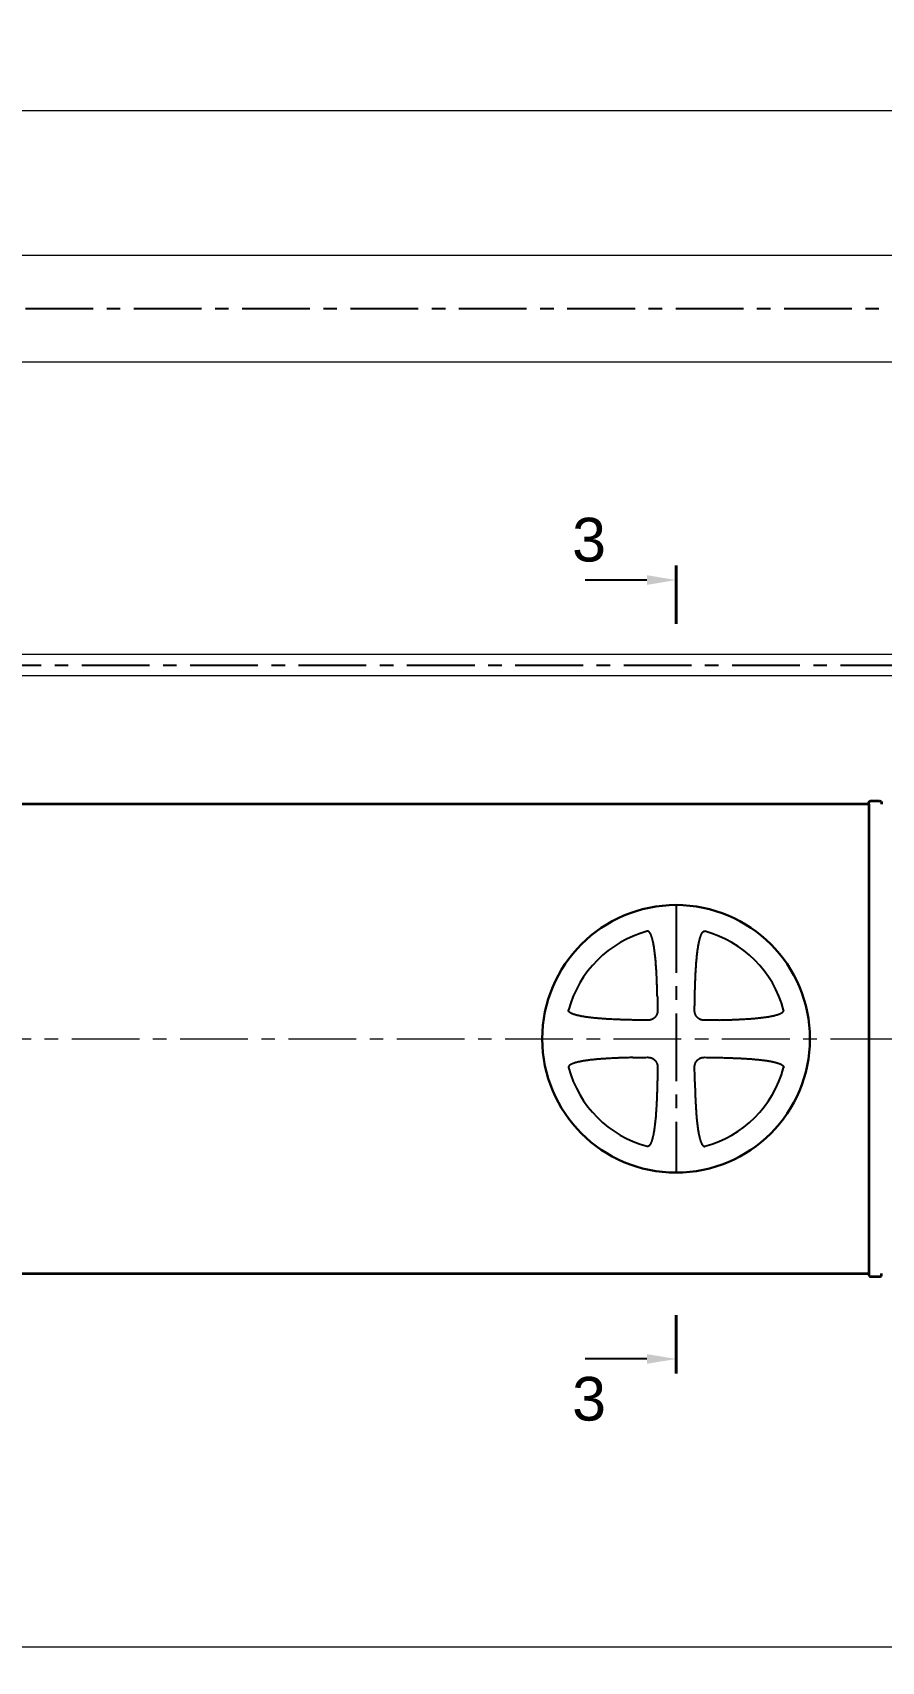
# Model space of a CAD drawing. Header units: millimetres. Extents: x 313506 to 417817, y -39276 to 9875.
# Drawn here: x 381889 to 385868, y -7297 to 340 of the extents above; entities that cross this region are included whole.
import ezdxf

# ---------------------------------------------------------------- set-up
doc = ezdxf.new("R2010")
doc.units = ezdxf.units.MM
doc.linetypes.add('осевая', pattern=[50.8, 31.75, -6.35, 6.35, -6.35])
doc.layers.add('Системный слой', color=7, linetype='Continuous')
doc.styles.add('ARTEM Arial', font='simplex.shx')
doc.dimstyles.new('ARTEM', dxfattribs={"dimtxt": 70, "dimasz": 50, "dimexe": 35, "dimexo": 15, "dimgap": 10, "dimtad": 1, "dimdec": 0, "dimtxsty": 'ARTEM Arial', "dimcen": 2.5, "dimclrd": 7, "dimclre": 7, "dimclrt": 7, "dimadec": 0, "dimazin": 0, "dimtfac": 1, "dimtdec": 0, "dimtmove": 0, "dimatfit": 3, "dimfxl": 1, "dimlwd": 15, "dimlwe": 15, "dimarcsym": 0})

# ---------------------------------------------------------------- blocks, each defined once
blk = doc.blocks.new('_ArchTick')
at = {"color": 0, "linetype": 'ByBlock', "const_width": 0.15}
blk.add_lwpolyline([(-0.5, -0.5), (0.5, 0.5)], dxfattribs=at)
blk = doc.blocks.new('*D362')
at = {"color": 7, "lineweight": 15, "transparency": 16777216}
for p, q in [((373767, 309.8), (373767, -77.5)), ((386267, 324.8), (386267, -77.5)), ((386267, -27.5), (373767, -27.5))]:
    blk.add_line(p, q, dxfattribs=at)
at = {"layer": 'Defpoints', "color": 0, "lineweight": 20, "transparency": 16777216}
for p in [(373767, 324.8), (386267, 339.8), (373767, -27.5)]:
    blk.add_point(p, dxfattribs=at)
at = {"color": 7, "lineweight": 15, "transparency": 16777216, "xscale": 120, "yscale": 120, "zscale": 120, "rotation": 180}
blk.add_blockref('_ArchTick', (373767, -27.5), dxfattribs=at)
at = {"color": 7, "lineweight": 15, "transparency": 16777216, "xscale": 120, "yscale": 120, "zscale": 120}
blk.add_blockref('_ArchTick', (386267, -27.5), dxfattribs=at)
at = {"color": 7, "lineweight": 20, "transparency": 16777216, "insert": (380017, 97.5), "char_height": 150, "attachment_point": 5, "style": 'ARTEM Arial'}
blk.add_mtext('12500', dxfattribs=at)
blk = doc.blocks.new('*D369')
at = {"color": 7, "lineweight": 15, "transparency": 16777216}
for p, q in [((373767, -6893), (373767, -7280.3)), ((386267, -6908), (386267, -7280.3)), ((386267, -7230.3), (373767, -7230.3))]:
    blk.add_line(p, q, dxfattribs=at)
at = {"layer": 'Defpoints', "color": 0, "lineweight": 20, "transparency": 16777216}
for p in [(373767, -6878), (386267, -6893), (373767, -7230.3)]:
    blk.add_point(p, dxfattribs=at)
at = {"color": 7, "lineweight": 15, "transparency": 16777216, "xscale": 120, "yscale": 120, "zscale": 120, "rotation": 180}
blk.add_blockref('_ArchTick', (373767, -7230.3), dxfattribs=at)
at = {"color": 7, "lineweight": 15, "transparency": 16777216, "xscale": 120, "yscale": 120, "zscale": 120}
blk.add_blockref('_ArchTick', (386267, -7230.3), dxfattribs=at)
at = {"color": 7, "lineweight": 20, "transparency": 16777216, "insert": (380017, -7105.3), "char_height": 150, "attachment_point": 5, "style": 'ARTEM Arial'}
blk.add_mtext('12500', dxfattribs=at)

msp = doc.modelspace()

# ---------------------------------------------------------------- linework, layer by layer
at = {"lineweight": 20}
for p, q in [((393020, -705.3), (358893.1, -705.3)), ((393021.1, -1205.3), (358893.1, -1205.3)), ((389090.8, -2576.6), (362308.1, -2576.5)), ((389090.8, -2676.5), (362308.1, -2676.5))]:
    msp.add_line(p, q, dxfattribs=at)
at = {"color": 1, "linetype": 'осевая', "lineweight": 25, "ltscale": 10}
for p, q in [((394873.2, -955.3), (357907.1, -955.3)), ((362308.1, -2626.5), (389090.8, -2626.6)), ((384905.6, -3750.3), (384905.6, -5005))]:
    msp.add_line(p, q, dxfattribs=at)
at = {"color": 1, "lineweight": 40}
for p, q in [((384905.4, -2158.6), (384905.4, -2431.6)), ((384905.4, -5946.9), (384905.4, -5673.9))]:
    msp.add_line(p, q, dxfattribs=at)
at = {"color": 1, "linetype": 'осевая', "lineweight": 15, "ltscale": 10}
msp.add_line((360736.6, -4377.7), (390929.4, -4377.6), dxfattribs=at)
at = {"color": 1, "linetype": 'ByBlock', "lineweight": -2}
for points in [[(384768.9, -2226.9), (384479.4, -2226.9)], [(384768.9, -5878.7), (384479.4, -5878.7)]]:
    msp.add_lwpolyline(points, dxfattribs=at)
at = {"lineweight": 35}
for points in [[(385809, -3277.7), (374230.6, -3277.7)], [(385809, -3277.7), (385809, -5477.7)], [(374230.6, -5477.7), (385809, -5477.7)]]:
    msp.add_lwpolyline(points, dxfattribs=at)
for points in [[(385809, -3277.7), (385809, -3272.7, -0.414214), (385819, -3262.7), (385859, -3262.7)], [(385859, -3262.7, -0.414214), (385869, -3272.7), (385869, -3277.7)], [(385809, -5477.7), (385809, -5482.7, 0.414214), (385819, -5492.7), (385859, -5492.7)], [(385859, -5492.7, 0.414214), (385869, -5482.7), (385869, -5477.7)]]:
    msp.add_lwpolyline(points, format="xyb", dxfattribs=at)
at = {"color": 1, "lineweight": 25}
for points in [[(384768.9, -2204.1), (384905.4, -2226.9), (384768.9, -2249.6)], [(384768.9, -5901.4), (384905.4, -5878.7), (384768.9, -5855.9)]]:
    msp.add_solid(points, dxfattribs=at)
at = {"layer": 'Системный слой', "color": 7, "lineweight": 30}
msp.add_circle((384905.6, -4377.7), 627.4, dxfattribs=at)
at = {"layer": 'Системный слой', "color": 7, "lineweight": 25}
for start, end in [(104.99428, 165.00572), (14.99428, 75.00572), (194.99428, 255.00572), (284.99428, 345.00572)]:
    msp.add_arc((384905.6, -4377.7), 521.8, start, end, dxfattribs=at)
at = {"layer": 'Системный слой', "color": 7, "lineweight": 25, "extrusion": (0, 0, -1)}
for centre, major_axis, start_param, end_param in [((383729.7, -4377.7), (0, -3187), -1.634239, -1.612784), ((386081.4, -4377.7), (0, 3187), -1.528808, -1.507354), ((384905.6, -3201.8), (-3187, 0), -1.528808, -1.507354), ((384905.6, -3201.8), (-3187, 0), -1.634239, -1.612784), ((384905.6, -5553.5), (3187, 0), -1.634239, -1.612784), ((384905.6, -5553.5), (3187, 0), -1.528808, -1.507354), ((383729.7, -4377.7), (0, -3187), -1.528808, -1.507354), ((386081.4, -4377.7), (0, 3187), -1.634239, -1.612784)]:
    msp.add_ellipse(centre, major_axis=major_axis, ratio=0.34202, start_param=start_param, end_param=end_param, dxfattribs=at)
at = {"layer": 'Системный слой', "color": 7, "lineweight": 25}
for points, knots in [([(384817.5, -4175.6), (384817.4, -4170.2), (384817.2, -4159.3), (384816.7, -4142.7), (384816.3, -4128.6), (384815.9, -4117), (384815.5, -4108.1), (384815.1, -4097.9), (384814.6, -4086.6), (384814, -4074), (384813.4, -4062.4), (384812.8, -4051.6), (384812.1, -4041.9), (384811.4, -4032.2), (384810.7, -4022.5), (384809.9, -4012.9), (384809.1, -4003.4), (384808.2, -3994.1), (384807.2, -3985.1), (384806.2, -3976.3), (384805.1, -3967.7), (384804, -3959.4), (384802.8, -3951.4), (384801.6, -3943.7), (384800.3, -3936.5), (384799, -3929.6), (384797.7, -3923.4), (384796.4, -3917.5), (384795.1, -3912.2), (384793.8, -3907.4), (384792.4, -3902.9), (384791.1, -3898.9), (384789.9, -3895.3), (384788.7, -3892.2), (384787.5, -3889.5), (384786.4, -3887.1), (384785.4, -3885.2), (384784.5, -3883.5), (384783.7, -3882.1), (384782.8, -3880.8), (384782.1, -3879.7), (384781.4, -3878.8), (384780.8, -3878.1), (384780.2, -3877.5), (384779.8, -3877), (384779.3, -3876.5), (384778.9, -3876.1), (384778.5, -3875.8), (384778.1, -3875.5), (384777.8, -3875.2), (384777.5, -3875), (384777.1, -3874.8), (384776.7, -3874.6), (384776.3, -3874.3), (384775.8, -3874.1), (384775.3, -3873.9), (384774.7, -3873.7), (384774, -3873.5), (384773.2, -3873.3), (384772.4, -3873.3), (384771.7, -3873.4), (384771.1, -3873.5), (384770.7, -3873.6), (384770.5, -3873.6)], [0, 0, 0, 0, 3.294372, 6.658592, 10.121593, 11.902894, 13.727108, 15.565806, 18.089199, 20.650882, 23.250738, 25.227925, 27.214477, 29.207845, 31.198516, 33.161939, 35.100749, 36.992852, 38.86301, 40.668913, 42.43271, 44.134312, 45.815956, 47.40632, 48.925529, 50.321905, 51.666806, 52.875385, 53.998684, 55.003566, 55.973887, 56.834853, 57.620252, 58.285215, 58.906539, 59.421027, 59.873097, 60.246259, 60.602155, 60.908041, 61.180307, 61.401463, 61.604048, 61.767517, 61.910185, 62.028901, 62.14479, 62.250718, 62.349589, 62.437156, 62.520317, 62.600986, 62.683377, 62.794474, 62.904935, 63.013803, 63.122506, 63.271682, 63.45784, 63.633238, 63.754366, 63.934896, 64, 64, 64, 64]), ([(384993.6, -4175.6), (384993.7, -4170.2), (384994, -4159.3), (384994.4, -4142.6), (384994.8, -4128.5), (384995.2, -4116.9), (384995.6, -4107.9), (384996, -4098.8), (384996.4, -4089.6), (384996.8, -4080.1), (384997.3, -4070.6), (384997.8, -4060.9), (384998.4, -4051.2), (384999, -4041.5), (384999.7, -4031.7), (385000.4, -4021.9), (385001.2, -4012.3), (385002.1, -4002.8), (385003, -3993.6), (385004, -3984.5), (385005, -3975.7), (385006.1, -3967.1), (385007.2, -3958.8), (385008.4, -3950.8), (385009.6, -3943.1), (385010.9, -3935.9), (385012.2, -3929.1), (385013.5, -3922.8), (385014.9, -3917), (385016.2, -3911.7), (385017.5, -3906.9), (385018.8, -3902.5), (385020.1, -3898.5), (385021.4, -3895), (385022.6, -3891.9), (385023.7, -3889.2), (385024.8, -3886.9), (385025.7, -3885), (385026.7, -3883.4), (385027.5, -3882), (385028.3, -3880.7), (385029.1, -3879.7), (385029.7, -3878.8), (385030.3, -3878.1), (385030.9, -3877.5), (385031.4, -3877), (385031.8, -3876.5), (385032.2, -3876.1), (385032.6, -3875.8), (385033, -3875.5), (385033.3, -3875.2), (385033.7, -3875), (385034, -3874.8), (385034.4, -3874.6), (385034.8, -3874.3), (385035.3, -3874.1), (385035.8, -3873.9), (385036.4, -3873.7), (385037.1, -3873.5), (385037.9, -3873.3), (385038.7, -3873.3), (385039.5, -3873.4), (385040.1, -3873.5), (385040.5, -3873.6), (385040.6, -3873.6)], [0, 0, 0, 0, 3.346522, 6.766848, 10.291529, 12.10647, 13.966728, 15.842272, 17.760329, 19.705723, 21.690551, 23.687495, 25.705597, 27.732688, 29.765616, 31.795276, 33.795524, 35.769581, 37.694349, 39.596139, 41.431301, 43.222957, 44.950628, 46.657893, 48.27186, 49.813093, 51.228677, 52.591625, 53.814671, 54.950111, 55.963708, 56.941681, 57.807329, 58.595452, 59.260387, 59.880783, 60.393124, 60.842571, 61.213062, 61.566815, 61.871519, 62.143339, 62.364996, 62.568381, 62.733225, 62.877534, 62.998106, 63.115804, 63.223386, 63.323799, 63.412733, 63.497193, 63.579124, 63.662803, 63.775637, 63.887825, 63.998395, 64.108796, 64.260302, 64.449369, 64.627508, 64.750528, 64.933879, 65, 65, 65, 65]), ([(384703.5, -4289.6), (384698.4, -4289.5), (384688, -4289.3), (384674.9, -4288.9), (384662.6, -4288.6), (384649.4, -4288.1), (384632.3, -4287.5), (384614.1, -4286.7), (384598.2, -4285.9), (384585.3, -4285.2), (384574.7, -4284.6), (384564.7, -4283.9), (384555.1, -4283.2), (384545.5, -4282.4), (384536.1, -4281.6), (384526.7, -4280.7), (384517.6, -4279.8), (384508.7, -4278.8), (384500, -4277.8), (384491.5, -4276.7), (384483.3, -4275.5), (384475.4, -4274.3), (384467.9, -4273.1), (384460.9, -4271.8), (384454.3, -4270.5), (384448.3, -4269.1), (384442.7, -4267.8), (384437.6, -4266.5), (384432.9, -4265.2), (384428.6, -4263.8), (384424.8, -4262.6), (384421.5, -4261.3), (384418.6, -4260.1), (384416.1, -4259), (384414, -4258), (384412.1, -4257), (384410.6, -4256.1), (384409.2, -4255.3), (384408, -4254.5), (384407.1, -4253.8), (384406.3, -4253.1), (384405.6, -4252.6), (384405.1, -4252.1), (384404.6, -4251.6), (384404.2, -4251.2), (384403.8, -4250.8), (384403.5, -4250.4), (384403.2, -4250), (384403, -4249.6), (384402.7, -4249.3), (384402.5, -4248.9), (384402.2, -4248.4), (384402, -4247.9), (384401.8, -4247.4), (384401.6, -4246.8), (384401.4, -4246.1), (384401.2, -4245.3), (384401.2, -4244.5), (384401.3, -4243.8), (384401.4, -4243.2), (384401.5, -4242.8), (384401.5, -4242.6)], [0, 0, 0, 0, 3.02765, 6.130095, 7.711356, 10.295721, 13.929306, 17.852185, 21.075848, 23.356556, 25.454567, 27.369743, 29.28457, 31.181263, 33.060102, 34.903414, 36.729231, 38.501691, 40.238572, 41.921872, 43.587415, 45.168284, 46.682445, 48.08064, 49.429669, 50.648002, 51.78422, 52.805921, 53.793743, 54.673452, 55.478237, 56.163293, 56.80467, 57.338103, 57.808296, 58.197357, 58.567882, 58.885925, 59.167818, 59.395948, 59.604956, 59.772794, 59.91893, 60.040332, 60.158922, 60.267663, 60.369344, 60.459616, 60.545402, 60.628157, 60.712316, 60.824376, 60.935003, 61.043224, 61.149462, 61.294441, 61.474783, 61.6447, 61.762042, 61.936931, 62, 62, 62, 62]), ([(384818.8, -4243.9), (384818.8, -4244.7), (384818.8, -4246.4), (384818.6, -4248.9), (384818.4, -4251.4), (384818, -4253.9), (384817.4, -4256.4), (384816.8, -4258.8), (384816, -4261.2), (384815.1, -4263.6), (384814.1, -4265.9), (384812.9, -4268), (384811.7, -4270.1), (384810.4, -4272.1), (384809, -4273.9), (384807.5, -4275.7), (384806.1, -4277.3), (384804.6, -4278.8), (384803.1, -4280.1), (384801.4, -4281.4), (384799.7, -4282.7), (384798, -4283.8), (384796.4, -4284.8), (384794.5, -4285.8), (384792.4, -4286.8), (384789.9, -4287.8), (384787.3, -4288.7), (384785.1, -4289.3), (384782.8, -4289.9), (384780.3, -4290.3), (384777.3, -4290.7), (384774.4, -4290.9), (384772.7, -4290.9), (384771.8, -4290.9)], [0, 0, 0, 0, 1.160827, 2.293622, 3.43563, 4.588756, 5.746246, 6.905348, 8.060469, 9.206891, 10.341224, 11.457239, 12.554235, 13.633163, 14.697615, 15.730559, 16.730575, 17.684561, 18.604883, 19.490061, 20.578623, 21.459916, 22.381037, 23.113319, 24.320591, 25.627437, 26.832376, 28.012841, 28.720001, 30.061886, 31.592299, 32.799071, 34, 34, 34, 34]), ([(385039.3, -4290.9), (385038.5, -4290.9), (385036.8, -4290.9), (385034.3, -4290.7), (385031.8, -4290.5), (385029.3, -4290.1), (385026.8, -4289.5), (385024.4, -4288.9), (385022, -4288.1), (385019.6, -4287.2), (385017.4, -4286.2), (385015.2, -4285), (385013.1, -4283.8), (385011.1, -4282.5), (385009.3, -4281.1), (385007.5, -4279.6), (385005.9, -4278.2), (385004.5, -4276.7), (385003.1, -4275.2), (385001.8, -4273.5), (385000.6, -4271.8), (384999.4, -4270.1), (384998.4, -4268.5), (384997.5, -4266.6), (384996.4, -4264.5), (384995.4, -4262), (384994.5, -4259.4), (384993.9, -4257.2), (384993.4, -4254.9), (384992.9, -4252.4), (384992.5, -4249.4), (384992.4, -4246.5), (384992.3, -4244.8), (384992.4, -4243.9)], [0, 0, 0, 0, 1.160827, 2.293622, 3.43563, 4.588756, 5.746246, 6.905348, 8.060469, 9.206891, 10.341224, 11.457239, 12.554235, 13.633163, 14.697615, 15.730559, 16.730575, 17.684561, 18.604883, 19.490061, 20.578623, 21.459916, 22.381037, 23.113319, 24.320591, 25.627437, 26.832376, 28.012841, 28.720001, 30.061886, 31.592299, 32.799071, 34, 34, 34, 34]), ([(385107.6, -4289.6), (385112.9, -4289.5), (385123.5, -4289.3), (385136.8, -4288.9), (385149.4, -4288.5), (385162.9, -4288.1), (385180.3, -4287.5), (385198.8, -4286.6), (385215, -4285.8), (385228, -4285.1), (385238.7, -4284.4), (385248.8, -4283.7), (385258.5, -4283), (385268.1, -4282.2), (385277.5, -4281.4), (385286.9, -4280.5), (385296, -4279.6), (385304.9, -4278.6), (385313.5, -4277.5), (385322, -4276.4), (385330.1, -4275.2), (385338, -4274), (385345.3, -4272.7), (385352.3, -4271.4), (385358.7, -4270.1), (385364.7, -4268.7), (385370.1, -4267.4), (385375.1, -4266.1), (385379.7, -4264.7), (385383.9, -4263.4), (385387.5, -4262.1), (385390.7, -4260.9), (385393.5, -4259.7), (385395.9, -4258.6), (385397.9, -4257.6), (385399.6, -4256.7), (385401.1, -4255.8), (385402.4, -4255), (385403.5, -4254.2), (385404.4, -4253.5), (385405.1, -4252.9), (385405.8, -4252.3), (385406.3, -4251.9), (385406.7, -4251.4), (385407.1, -4251), (385407.4, -4250.6), (385407.7, -4250.2), (385408, -4249.9), (385408.2, -4249.6), (385408.4, -4249.2), (385408.7, -4248.8), (385408.9, -4248.4), (385409.2, -4247.9), (385409.4, -4247.4), (385409.6, -4246.8), (385409.7, -4246.1), (385409.9, -4245.3), (385409.9, -4244.5), (385409.9, -4243.8), (385409.8, -4243.2), (385409.7, -4242.8), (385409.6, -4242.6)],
--------------------------------
> **Action item**
Take every line above where "ByBlock" appears and copy it.

> **Answer to the problem**
at = {"color": 0, "linetype": 'ByBlock', "const_width": 0.15}
at = {"color": 1, "linetype": 'ByBlock', "lineweight": -2}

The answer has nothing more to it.